Passo a passo simplificado para registrar a marca
Embora o processo tenha etapas técnicas, o caminho geral costuma seguir esta sequência:
- Pesquisa prévia de anterioridade. Verificar se já existe marca igual ou semelhante registrada na mesma classe de atividade.
- Definição da classe de atividade. O sistema de marcas no Brasil é dividido em classes conforme o ramo de atuação; escolher a classe certa evita indeferimentos.
- Protocolo do pedido no INPI. Feito por meio eletrônico, com pagamento das taxas correspondentes.
- Acompanhamento do processo. Publicações, eventuais oposições de terceiros e exigências técnicas precisam ser respondidas dentro do prazo.
- Concessão do registro. Após a análise, o INPI concede o certificado, válido por dez anos e renovável.
Em seguida, vale reforçar que contar com um contador ou especialista em propriedade intelectual reduz bastante o risco de erros nessa etapa. Isso porque a escolha errada da classe ou uma pesquisa de anterioridade mal feita costuma ser a principal causa de indeferimento de pedidos, segundo especialistas do setor.
Erros comuns ao adiar o registro de marca
Muitos empreendedores cometem os mesmos deslizes ao tratar o registro de marca como algo “para depois”. Veja os erros mais frequentes:
- Achar que o CNPJ já protege o nome. Como já visto, essa é uma confusão comum, mas o CNPJ não impede o uso da marca por terceiros.
- Esperar o negócio crescer para só então registrar. Quanto mais visível a marca fica, maior a chance de outra empresa tentar registrá-la primeiro.
- Não pesquisar a existência de marcas semelhantes antes de escolher o nome. Isso pode gerar a necessidade de mudar o nome depois de meses ou anos de operação.
- Deixar de renovar o registro após dez anos. Embora seja renovável, o registro de marca não é vitalício e exige atenção aos prazos.
Por exemplo: um pequeno escritório de contabilidade investiu em um nome criativo e construiu presença forte nas redes sociais ao longo de dois anos. Ao decidir registrar a marca, descobriu que um concorrente já havia protocolado pedido semelhante meses antes. Como resultado, o escritório precisou negociar coexistência de marcas, o que limitou sua expansão para outras regiões.
Registro de marca como parte do planejamento contábil e estratégico
Para negócios que já contam com acompanhamento contábil, faz sentido tratar o registro de marca como parte do planejamento financeiro e estratégico, e não como uma despesa isolada. Assim como o contador orienta sobre regime tributário, folha de pagamento e obrigações fiscais, ele também pode alertar o cliente sobre a importância de formalizar a proteção da marca antes de expandir operações.
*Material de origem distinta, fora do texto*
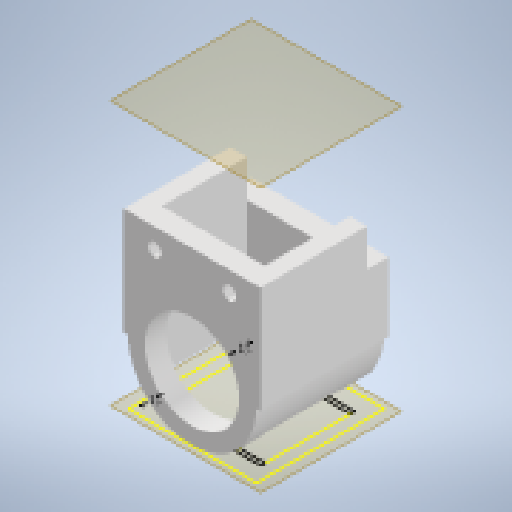
# Autodesk Inventor part: arm1
Saved by Autodesk Inventor 2024 (Build 280153000, 153)
## iProperties
Created: 2025-11-24
Part Number: arm1
Material: Generic
Document SubType Name: Modeling
Designer: Aidan
Density: 1 g/cm^3
Appearance: Default
Author: Aidan
Autodesk Inventor part; units mm, degrees
ref_plane "YZ Plane" through (0, 0, 0) normal (1, 0, 0) x (0, 1, 0)
ref_plane "XY Plane" through (0, 0, 0) normal (0, 0, 1) x (1, 0, 0)
sketch "Sketch1" plane through (0, 0, 0) normal (0, 0, 1) x (1, 0, 0)
  line L0 (-17.25, -31.85) -> (4.85, -31.85) projected
  line L1 (4.85, -31.85) -> (4.85, 0) projected
  arc A0 (4.85, 0) -> (0, 4.85) centre (0, 0) ccw projected
  line L2 (0, 4.85) -> (-12.4, 4.85) projected
  arc A1 (-12.4, 4.85) -> (-17.25, 0) centre (-12.4, 0) ccw projected
  line L3 (-17.25, 0) -> (-17.25, -31.85) projected
  circle A2 centre (-6.2, -6.5) radius 2.75 projected
  circle A3 centre (-6.2, -17.15) radius 1.95 projected
  arc A4 (1.9991, -27.9755) -> (1.0928, -27.0978) centre (2.55, -26.5) ccw projected
  arc A5 (1.0928, -27.0978) -> (1.9991, -27.9755) centre (-0.065, -29.2) ccw projected
  arc A6 (-13.4928, -27.0978) -> (-14.3991, -27.9755) centre (-14.95, -26.5) ccw projected
  arc A7 (-14.3991, -27.9755) -> (-13.4928, -27.0978) centre (-12.335, -29.2) ccw projected
  line L4 (9.85, -61.85) -> (-22.25, -61.85)
  line L5 (-22.25, -61.85) -> (-22.25, -21.85)
  line L6 (-22.25, -21.85) -> (9.85, -21.85)
  line L7 (9.85, -21.85) -> (9.85, -61.85)
  circle A8 centre (2.55, -26.5) radius 1.575
  circle A9 centre (-14.95, -26.5) radius 1.575
  point P0 (0, 0)
  point P1 (1.0928, -27.0978)
  point P2 (1.9991, -27.9755)
  point P3 (-17.25, -21.85)
  point P4 (4.85, -21.85)
  dimension "d2" = 5
  dimension "d3" = 5
  dimension "d12" = 10
  dimension "d13" = 40
  constraints: 8 end point, 2 centre point, 2 coincident, 2 concentric, 2 parallel, 1 horizontal, 1 perpendicular
  measures "d2" distance between parallel lines of L3 L5
  measures "d3" distance between parallel lines of L7 L1
  measures "d12" distance between parallel lines of L6 L0
  measures "d13" distance of L6.end L4.start
extrude "Extrusion2" add sketch "Sketch1" along normal blind 5 contours L3 L6 L1 L0 | L0 L1 L6 L7 L4 L5 L3 | A5 A8 | A7 A9
sketch "Sketch2" plane through (0, 0, 0) normal (0, 0, -1) x (-1, 0, 0)
  line L0 (22.25, -21.85) -> (22.25, -61.85) projected
  line L1 (22.25, -61.85) -> (18.25, -61.85)
  line L2 (18.25, -61.85) -> (18.25, -21.85)
  line L3 (18.25, -21.85) -> (22.25, -21.85)
  line L4 (22.25, -21.85) -> (22.25, -61.85)
  line L5 (-9.85, -61.85) -> (-9.85, -21.85) projected
  line L6 (-9.85, -21.85) -> (22.25, -21.85) projected
  line L7 (-9.85, -61.85) -> (-5.85, -61.85)
  line L8 (-5.85, -61.85) -> (-5.85, -21.85)
  line L9 (-5.85, -21.85) -> (-9.85, -21.85)
  line L10 (-9.85, -21.85) -> (-9.85, -61.85)
  point P0 (0, 0)
  point P1 (-4.85, -21.85)
  point P2 (17.25, -21.85)
  point P3 (-9.85, -21.85)
  dimension "d8" = 4
  dimension "d9" = 4
  constraints: 16 end point, 4 parallel, 2 horizontal, 2 perpendicular, 1 collinear, 1 point on line
  measures "d8" distance of L2.end L3.end
  measures "d9" distance of L9.end L8.end
extrude "Extrusion3" add sketch "Sketch2" along normal blind 20
sketch "Sketch3" plane through (0, 0, -20) normal (0, 0, -1) x (-1, 0, 0)
  circle A0 centre (-2.55, -26.5) radius 1.575 projected
  circle A1 centre (14.95, -26.5) radius 1.575 projected
  circle A2 centre (6.2, -6.5) radius 2.95 projected
  line L0 (-43.9339, 5.041) -> (56.0661, 5.041) projected
  line L1 (-23.9339, -29.6) -> (-43.9339, 5.041) projected
  line L2 (36.0661, -29.6) -> (-23.9339, -29.6) projected
  line L3 (56.0661, 5.041) -> (36.0661, -29.6) projected
  line L4 (22.25, -61.85) -> (-9.85, -61.85) projected
  line L5 (-9.85, -61.85) -> (-9.85, -21.85) projected
  line L6 (22.25, -61.85) -> (-9.85, -61.85)
  line L7 (-9.85, -61.85) -> (-9.85, -30.6)
  line L8 (-9.85, -30.6) -> (22.25, -30.6)
  line L9 (22.25, -30.6) -> (22.25, -61.85)
  point P0 (0, 0)
  dimension "d14" = 1
  constraints: 8 end point, 2 parallel, 1 horizontal, 1 perpendicular, 1 point on line
  measures "d14" distance between parallel lines of L8 L2
extrude "Extrusion4" add sketch "Sketch3" along normal blind 5 contours L8 L9 L4 L5
sketch "Sketch4" plane through (0, 0, 5) normal (0, 0, 1) x (1, 0, 0)
  circle A0 centre (-6.2, -46.85) radius 11.05
  line L0 (-22.25, -21.85) -> (-22.25, -61.85) projected
  line L1 (-22.25, -61.85) -> (9.85, -61.85) projected
  point P0 (0, 0)
  dimension "d17" = 22.1
  dimension "d18" = 16.05
  dimension "d19" = 15
  constraints: 1 centre point
  measures "d17" diameter of A0
  measures "d18" distance from line of L0 A0.centre
  measures "d19" distance from line of L1 A0.centre
extrude "Extrusion5" cut sketch "Sketch4" against normal up to surface (5 mm away)
sketch "Sketch5" plane through (0, 0, -25) normal (0, 0, -1) x (-1, 0, 0)
  circle A0 centre (6.2, -46.85) radius 4.508
  circle A1 centre (6.2, -46.85) radius 15
  line L0 (22.25, -21.85) -> (22.25, -61.85) projected
  line L1 (22.25, -46.85) -> (-9.85, -46.85)
  line L2 (-9.85, -61.85) -> (-9.85, -21.85) projected
  line L3 (22.25, -46.85) -> (22.25, -61.85)
  line L4 (22.25, -61.85) -> (-9.85, -61.85)
  line L5 (-9.85, -46.85) -> (-9.85, -61.85)
  point P0 (0, 0)
  point P1 (6.2, -61.85)
  point P2 (21.2, -46.85)
  point P3 (-8.8, -46.85)
  dimension "d22" = 30
  constraints: 8 end point, 2 centre point, 2 collinear, 2 point on line, 1 coincident, 1 horizontal, 1 midpoint, 1 perpendicular, 2 other
  measures "d22" diameter of A1
extrude "Extrusion6" cut sketch "Sketch5" against normal up to surface (30 mm away) contours L1 L0 L4 A1 | A1 L4 L2 L1
ref_plane "Work Plane1" through (-6.2, -61.85, -25) normal (0, 1, 0) x (-1, 0, 0)
sketch "Sketch6" plane through (-6.2, -61.85, -25) normal (0, 1, 0) x (-1, 0, 0)
  line L0 (-15, 0) -> (15, 0) projected
  line L1 (-15, 0) -> (-15, 30) projected
  line L2 (15, 30) -> (-15, 30) projected
  line L3 (15, 0) -> (15, 30) projected
  line L4 (12.05, 5) -> (-12.05, 5) projected
  line L5 (12.05, 25) -> (12.05, 5) projected
  line L6 (-12.05, 25) -> (12.05, 25) projected
  line L7 (-12.05, 5) -> (-12.05, 25) projected
  line L8 (-12.05, 25) -> (12.05, 25)
  line L9 (12.05, 25) -> (12.05, 26.5)
  line L10 (12.05, 26.5) -> (-12.05, 26.5)
  line L11 (-12.05, 26.5) -> (-12.05, 25)
  line L12 (-12.05, 5) -> (12.05, 5)
  line L13 (12.05, 5) -> (12.05, 3.5)
  line L14 (12.05, 3.5) -> (-12.05, 3.5)
  line L15 (-12.05, 3.5) -> (-12.05, 5)
  point P0 (-6.2, 25)
  dimension "d25" = 1.5
  dimension "d26" = 1.5
  constraints: 16 end point, 4 parallel, 2 horizontal, 2 perpendicular, 1 collinear, 1 point on line
  measures "d25" distance of L9.end L8.end
  measures "d26" distance of L12.end L13.end
extrude "Extrusion7" cut sketch "Sketch6" along normal up to surface (40 mm away) contours L13 L14 L15 L4 | L6 L11 L10 L9
body "Solid2"

Dessa forma, incluir a consulta sobre registro de marca nas reuniões anuais de planejamento contábil ajuda o empreendedor a enxergar esse cuidado como parte natural da gestão do negócio — e não como uma providência emergencial, tomada apenas quando um problema já apareceu.
Conclusão: proteger a marca é investir no futuro do negócio
Registrar a marca antes de crescer não é burocracia desnecessária — é proteção de patrimônio. Segundo os dados do INPI, cada vez mais empreendedores brasileiros, especialmente pequenos negócios, já entenderam esse ponto e antecipam o registro de marca antes de expandir operações.
Portanto, se o seu negócio está em fase de crescimento — ou planeja crescer nos próximos anos —, vale conversar com seu contador ou um especialista em propriedade intelectual sobre o processo de registro de marca. Assim, quando as oportunidades de expansão surgirem, o nome do negócio já estará protegido, e o crescimento poderá acontecer sem sobressaltos jurídicos.